The one that kills me is when a financial institution or healthcare facility calls and says, "Hi, this is so-and-so from The Place. I was calling about your request/account/etc"

→ "Oh, ok"

→ "Before we get started, I need to verify your social security number/address/other personal information"

→ "Yeah, you called me and I have no way of knowing if you are who you say you are. I'm not going to give you that information. Can you give me your name, and I'll call the number on the website and ask for you?"

→ "Flabbergasted Well, our system doesn't work like that, so you'll have to submit another request"

→ Repeat ¯\_(ツ)_/¯

sneak - 13 hours ago

AmEx emails to customers often have marketing/tracking redirects replacing all of the links in the email.

The links to that redirector service are http:

You don’t even need to phish them, AmEx does it for you. All you have to do is rewrite the redirect on the wire.

fortran77 - 2 days ago

The US city I live in 9 months/year has a yearly burglar/fire alarm licence fee.

A few years ago, I got a postcard that said "renew your alarm licence on-line" and the domain wasn't the .ca.gov domain the city uses, but something like "alarm-renewal-online.info"

I had to spend 30 minutes on the phone with my city to verify that this was a legitimate way to renew the alarm. They had contracted with an outside company to do the payment servicing. In the end, I just decided to mail them a check.

renewiltord - a day ago

Lol Chase always calls me.

"We'd like to confirm this wire. We just need some details."

"Okay, I am me, that's true. But I should probably call Chase back for this right? This is textbook scam stuff. What do I tell them to get to you as fast as possible."

"All right, sir. That's fine. Let me just make a note on the account. You should be able to find the phone number on the website"

And then I usually just find my way. It's funny, but you kind of have to be disciplined.

hopelite - 2 days ago

It seems to me the better and simpler solution is to continue teaching your users that this pattern this bank engages in is in fact still the pattern of hostile actors and let the bank deal with the consequences.

The system will surely rectify itself eventually when their spammy, manipulative, promotional banker campaigns do not produce results (is that a bad thing?) and they seek out firms that do produce results based on knowing what they are doing.

The author could even use it as an opportunity to promote his or someone else’s services and use this write-up as an artifact of evidence.

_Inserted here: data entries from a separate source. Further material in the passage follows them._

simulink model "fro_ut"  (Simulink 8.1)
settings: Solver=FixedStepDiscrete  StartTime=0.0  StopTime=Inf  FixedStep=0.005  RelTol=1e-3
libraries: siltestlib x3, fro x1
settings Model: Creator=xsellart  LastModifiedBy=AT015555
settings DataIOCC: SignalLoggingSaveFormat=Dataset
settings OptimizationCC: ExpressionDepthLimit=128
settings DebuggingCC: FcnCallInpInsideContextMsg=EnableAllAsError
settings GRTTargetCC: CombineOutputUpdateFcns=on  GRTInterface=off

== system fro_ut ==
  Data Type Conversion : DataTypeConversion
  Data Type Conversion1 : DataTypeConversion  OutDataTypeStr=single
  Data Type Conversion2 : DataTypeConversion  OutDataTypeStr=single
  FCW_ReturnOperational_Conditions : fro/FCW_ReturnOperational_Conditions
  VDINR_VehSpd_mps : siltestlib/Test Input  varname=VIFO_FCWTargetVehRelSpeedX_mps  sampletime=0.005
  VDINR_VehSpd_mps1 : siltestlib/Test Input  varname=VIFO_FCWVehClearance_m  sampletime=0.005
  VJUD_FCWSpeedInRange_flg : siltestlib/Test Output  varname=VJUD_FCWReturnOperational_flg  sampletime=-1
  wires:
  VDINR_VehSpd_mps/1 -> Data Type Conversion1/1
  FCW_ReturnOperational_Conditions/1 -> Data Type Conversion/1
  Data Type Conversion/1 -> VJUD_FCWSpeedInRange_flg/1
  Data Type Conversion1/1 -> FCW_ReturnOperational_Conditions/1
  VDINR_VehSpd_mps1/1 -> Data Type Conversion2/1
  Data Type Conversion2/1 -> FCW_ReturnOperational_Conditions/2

I don’t want to get too generalizing, but it is a perspective that does not surprise me coming from what seems to be a German, for better or worse. Complaints about not being in compliance with universal norms instead of taking advantage of a presented opportunity to break ranks for one’s their own individual advantage, strikes me as a very German perspective; like I said, for better or worse, without judgement, since both of these perspectives have their advantages and disadvantages.

taneq - 2 days ago

Some of the worst practices I've seen are from FedEx. When you order an international package, you get a text from some random FedEx employee's personal mobile number, containing a link to a website where you're meant to enter your credit card details to pay import duties. WTF? NO. I've called up about it and the support team were just like "ugh, yes, I know, yeah that's actually probably legit."